What the task requires: Skip every picture while you write out the records below, from the first line through the one that contains "#23=CYLINDRICAL_SURFACE('',#22,51.7);", both ends kept.
*** Opening Provided records ***
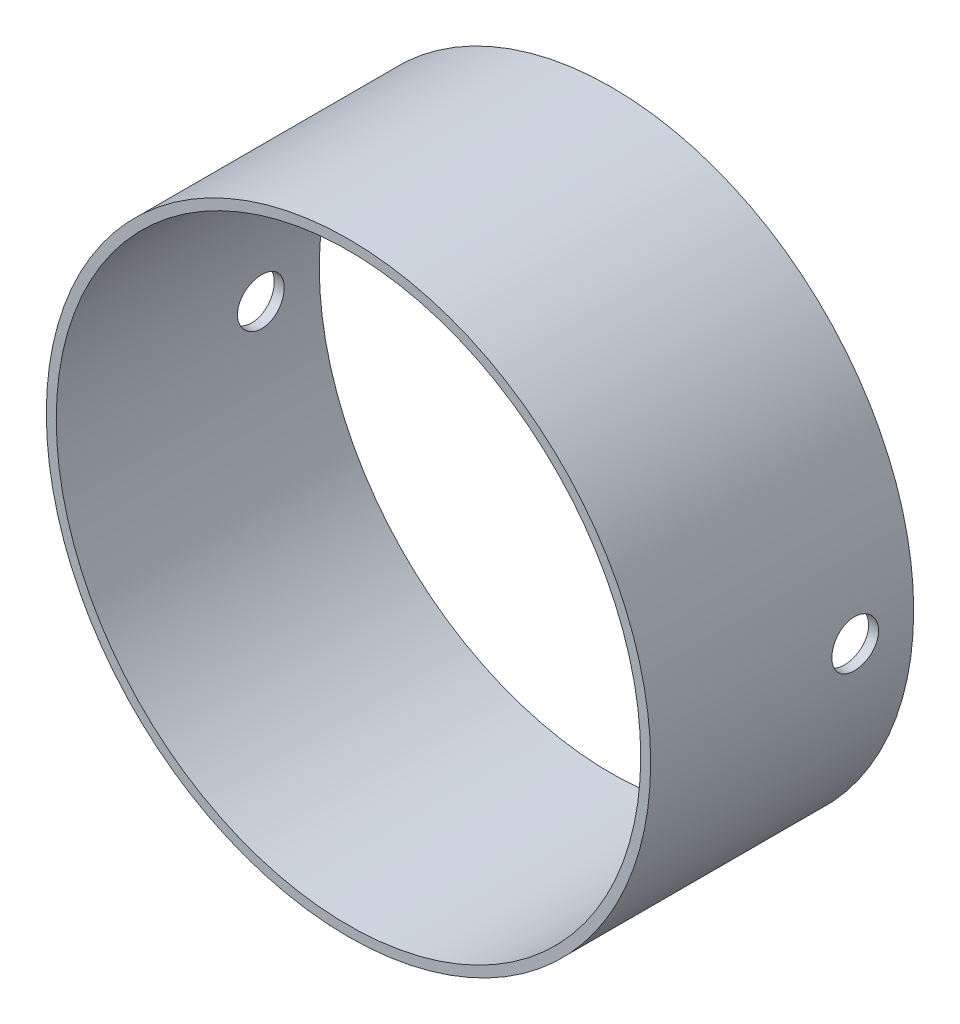
ISO-10303-21;
HEADER;
FILE_DESCRIPTION(('STEP AP214'),'2;1');
FILE_NAME('part.step','',(''),(''),'','','');
FILE_SCHEMA(('AUTOMOTIVE_DESIGN { 1 0 10303 214 1 1 1 1 }'));
ENDSEC;
DATA;
#1=APPLICATION_CONTEXT('core data for automotive mechanical design processes');
#2=APPLICATION_PROTOCOL_DEFINITION('international standard','automotive_design',2000,#1);
#3=PRODUCT_CONTEXT('',#1,'mechanical');
#4=PRODUCT('Part','Part','',(#3));
#5=PRODUCT_RELATED_PRODUCT_CATEGORY('part','',(#4));
#6=PRODUCT_DEFINITION_FORMATION('','',#4);
#7=PRODUCT_DEFINITION_CONTEXT('part definition',#1,'design');
#8=PRODUCT_DEFINITION('design','',#6,#7);
#9=PRODUCT_DEFINITION_SHAPE('','',#8);
#10=(LENGTH_UNIT() NAMED_UNIT(*) SI_UNIT(.MILLI.,.METRE.));
#11=(NAMED_UNIT(*) PLANE_ANGLE_UNIT() SI_UNIT($,.RADIAN.));
#12=(NAMED_UNIT(*) SI_UNIT($,.STERADIAN.) SOLID_ANGLE_UNIT());
#13=UNCERTAINTY_MEASURE_WITH_UNIT(LENGTH_MEASURE(1.E-05),#10,'distance_accuracy_value','');
#14=(GEOMETRIC_REPRESENTATION_CONTEXT(3) GLOBAL_UNCERTAINTY_ASSIGNED_CONTEXT((#13)) GLOBAL_UNIT_ASSIGNED_CONTEXT((#10,
#11,#12)) REPRESENTATION_CONTEXT('',''));
#15=CARTESIAN_POINT('',(0.,0.,0.));
#16=DIRECTION('',(0.,0.,1.));
#17=DIRECTION('',(1.,0.,0.));
#18=AXIS2_PLACEMENT_3D('',#15,#16,#17);
#19=CARTESIAN_POINT('',(0.,0.,-10.));
#20=DIRECTION('',(0.,0.,1.));
#21=DIRECTION('',(1.,0.,0.));
#22=AXIS2_PLACEMENT_3D('',#19,#20,#21);
#23=CYLINDRICAL_SURFACE('',#22,51.7);
#24=CARTESIAN_POINT('',(51.7,0.,4.));
#25=CARTESIAN_POINT('',(51.6999979631389,-0.224321831586067,3.99999017819331));
#26=CARTESIAN_POINT('',(51.6985244508103,-0.448797748586467,3.98106643990332));
#27=CARTESIAN_POINT('',(51.6927879875289,-0.89154273163051,3.90585232373644));
#28=CARTESIAN_POINT('',(51.6885218491458,-1.10980440749991,3.84951924675469));
#29=CARTESIAN_POINT('',(51.6776823923995,-1.53364423028132,3.70112174179197));
#30=CARTESIAN_POINT('',(51.6711103518839,-1.73922932805746,3.60907710088652));
#31=CARTESIAN_POINT('',(51.6563967875411,-2.13198086111805,3.39190366394527));
#32=CARTESIAN_POINT('',(51.6482556069983,-2.31915131151363,3.26678210200226));
#33=CARTESIAN_POINT('',(51.6312976090086,-2.67022618829929,2.98670591245437));
#34=CARTESIAN_POINT('',(51.622479496011,-2.83408419814187,2.83169317521165));
#35=CARTESIAN_POINT('',(51.6051724138657,-3.13348492470818,2.4963570088799));
#36=CARTESIAN_POINT('',(51.5966834589622,-3.26902641716669,2.31603248599858));
#37=CARTESIAN_POINT('',(51.5809815284847,-3.50810040018891,1.93491472332168));
#38=CARTESIAN_POINT('',(51.5737701627781,-3.61159262709083,1.73409615424683));
#39=CARTESIAN_POINT('',(51.5614540963383,-3.78337303081082,1.31786762642153));
#40=CARTESIAN_POINT('',(51.5563493630073,-3.85166175236816,1.10245789351319));
#41=CARTESIAN_POINT('',(51.5488349906361,-3.95096340232216,0.663622767820182));
#42=CARTESIAN_POINT('',(51.5464199322672,-3.98205129477393,0.440214432561678));
#43=CARTESIAN_POINT('',(51.5445410588577,-4.00630035100804,-0.00866144232712456));
#44=CARTESIAN_POINT('',(51.5450771953681,-3.9994621374124,-0.234128948091945));
#45=CARTESIAN_POINT('',(51.5490352256421,-3.94811511582786,-0.680210175421947));
#46=CARTESIAN_POINT('',(51.5524508869763,-3.9036876650494,-0.900833324776028));
#47=CARTESIAN_POINT('',(51.5617733022188,-3.77854963493722,-1.33148163210521));
#48=CARTESIAN_POINT('',(51.5676800775053,-3.69783874422861,-1.54150669911316));
#49=CARTESIAN_POINT('',(51.581326319149,-3.50233342665419,-1.94525695354622));
#50=CARTESIAN_POINT('',(51.5890677532469,-3.38750237083385,-2.13896433517158));
#51=CARTESIAN_POINT('',(51.6055091454228,-3.1270427974008,-2.50438588326941));
#52=CARTESIAN_POINT('',(51.614209120192,-2.98141374345625,-2.67609966665067));
#53=CARTESIAN_POINT('',(51.6316149923809,-2.66303513763778,-2.99313283619144));
#54=CARTESIAN_POINT('',(51.6403208451428,-2.49021522816072,-3.13838157800364));
#55=CARTESIAN_POINT('',(51.6567356282362,-2.12260646352011,-3.39781579055553));
#56=CARTESIAN_POINT('',(51.6644445580159,-1.92781759619756,-3.51200124410273));
#57=CARTESIAN_POINT('',(51.6779980627435,-1.52175530011905,-3.70606268143635));
#58=CARTESIAN_POINT('',(51.6838424754255,-1.31048043860398,-3.78593567927473));
#59=CARTESIAN_POINT('',(51.6930064775433,-0.877463930530638,-3.90905616202351));
#60=CARTESIAN_POINT('',(51.6963261121438,-0.655722471280415,-3.95230430210259));
#61=CARTESIAN_POINT('',(51.7000607166855,-0.208679711334541,-4.00085916917402));
#62=CARTESIAN_POINT('',(51.700483159093,0.0166109281094598,-4.00626350403786));
#63=CARTESIAN_POINT('',(51.6983957123466,0.464895177310392,-3.97923284061434));
#64=CARTESIAN_POINT('',(51.6958858467189,0.687888805482089,-3.94679814591488));
#65=CARTESIAN_POINT('',(51.6882209414929,1.12497180803664,-3.84509100035149));
#66=CARTESIAN_POINT('',(51.6830691404631,1.33907173804802,-3.7758636473271));
#67=CARTESIAN_POINT('',(51.6706993646632,1.75261644172726,-3.60258227299288));
#68=CARTESIAN_POINT('',(51.6634813616147,1.9520610147717,-3.49852777502774));
#69=CARTESIAN_POINT('',(51.6477702788731,2.33107858629529,-3.2582995400215));
#70=CARTESIAN_POINT('',(51.639274638291,2.51061038659817,-3.12206097303457));
#71=CARTESIAN_POINT('',(51.6219718914661,2.84429065387553,-2.82142578532332));
#72=CARTESIAN_POINT('',(51.6131647805584,2.99843874047784,-2.65702874272262));
#73=CARTESIAN_POINT('',(51.5962097247143,3.27730938791167,-2.30432043397325));
#74=CARTESIAN_POINT('',(51.5880632284561,3.40196837018899,-2.11595881987407));
#75=CARTESIAN_POINT('',(51.5733716018661,3.61788660029925,-1.72091962403499));
#76=CARTESIAN_POINT('',(51.5668264574495,3.7091461418991,-1.51424220341279));
#77=CARTESIAN_POINT('',(51.5560862667062,3.85556609378882,-1.08866556542602));
#78=CARTESIAN_POINT('',(51.5518886649328,3.91076576854148,-0.869779924139971));
#79=CARTESIAN_POINT('',(51.5463099727251,3.98362703629687,-0.425813470015094));
#80=CARTESIAN_POINT('',(51.5449288364902,4.00128923972315,-0.200732757979016));
#81=CARTESIAN_POINT('',(51.5451399926833,3.9985675595747,0.24860273027963));
#82=CARTESIAN_POINT('',(51.546724476832,3.97828358580493,0.472858122128244));
#83=CARTESIAN_POINT('',(51.5526717636343,3.90045330050061,0.91476757537473));
#84=CARTESIAN_POINT('',(51.5570345708104,3.8429069283109,1.13242162602643));
#85=CARTESIAN_POINT('',(51.5680448938241,3.69220988670597,1.55495899160377));
#86=CARTESIAN_POINT('',(51.5746923194864,3.59906062254085,1.7598428102007));
#87=CARTESIAN_POINT('',(51.5895229558259,3.37981369300315,2.15107949634457));
#88=CARTESIAN_POINT('',(51.5977061374797,3.25371665027832,2.33743271399128));
#89=CARTESIAN_POINT('',(51.6147117356231,2.97177904342511,2.68682879318712));
#90=CARTESIAN_POINT('',(51.6235357004448,2.81586484097398,2.84981215782555));
#91=CARTESIAN_POINT('',(51.6408146053577,2.47884533918228,3.14735751690086));
#92=CARTESIAN_POINT('',(51.649269455333,2.29773393288346,3.28191260130306));
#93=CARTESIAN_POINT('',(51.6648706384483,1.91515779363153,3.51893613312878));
*** Closing Provided records ***
Solution for this problem:
ISO-10303-21;
HEADER;
FILE_DESCRIPTION(('STEP AP214'),'2;1');
FILE_NAME('part.step','',(''),(''),'','','');
FILE_SCHEMA(('AUTOMOTIVE_DESIGN { 1 0 10303 214 1 1 1 1 }'));
ENDSEC;
DATA;
#1=APPLICATION_CONTEXT('core data for automotive mechanical design processes');
#2=APPLICATION_PROTOCOL_DEFINITION('international standard','automotive_design',2000,#1);
#3=PRODUCT_CONTEXT('',#1,'mechanical');
#4=PRODUCT('Part','Part','',(#3));
#5=PRODUCT_RELATED_PRODUCT_CATEGORY('part','',(#4));
#6=PRODUCT_DEFINITION_FORMATION('','',#4);
#7=PRODUCT_DEFINITION_CONTEXT('part definition',#1,'design');
#8=PRODUCT_DEFINITION('design','',#6,#7);
#9=PRODUCT_DEFINITION_SHAPE('','',#8);
#10=(LENGTH_UNIT() NAMED_UNIT(*) SI_UNIT(.MILLI.,.METRE.));
#11=(NAMED_UNIT(*) PLANE_ANGLE_UNIT() SI_UNIT($,.RADIAN.));
#12=(NAMED_UNIT(*) SI_UNIT($,.STERADIAN.) SOLID_ANGLE_UNIT());
#13=UNCERTAINTY_MEASURE_WITH_UNIT(LENGTH_MEASURE(1.E-05),#10,'distance_accuracy_value','');
#14=(GEOMETRIC_REPRESENTATION_CONTEXT(3) GLOBAL_UNCERTAINTY_ASSIGNED_CONTEXT((#13)) GLOBAL_UNIT_ASSIGNED_CONTEXT((#10,
#11,#12)) REPRESENTATION_CONTEXT('',''));
#15=CARTESIAN_POINT('',(0.,0.,0.));
#16=DIRECTION('',(0.,0.,1.));
#17=DIRECTION('',(1.,0.,0.));
#18=AXIS2_PLACEMENT_3D('',#15,#16,#17);
#19=CARTESIAN_POINT('',(0.,0.,-10.));
#20=DIRECTION('',(0.,0.,1.));
#21=DIRECTION('',(1.,0.,0.));
#22=AXIS2_PLACEMENT_3D('',#19,#20,#21);
#23=CYLINDRICAL_SURFACE('',#22,51.7);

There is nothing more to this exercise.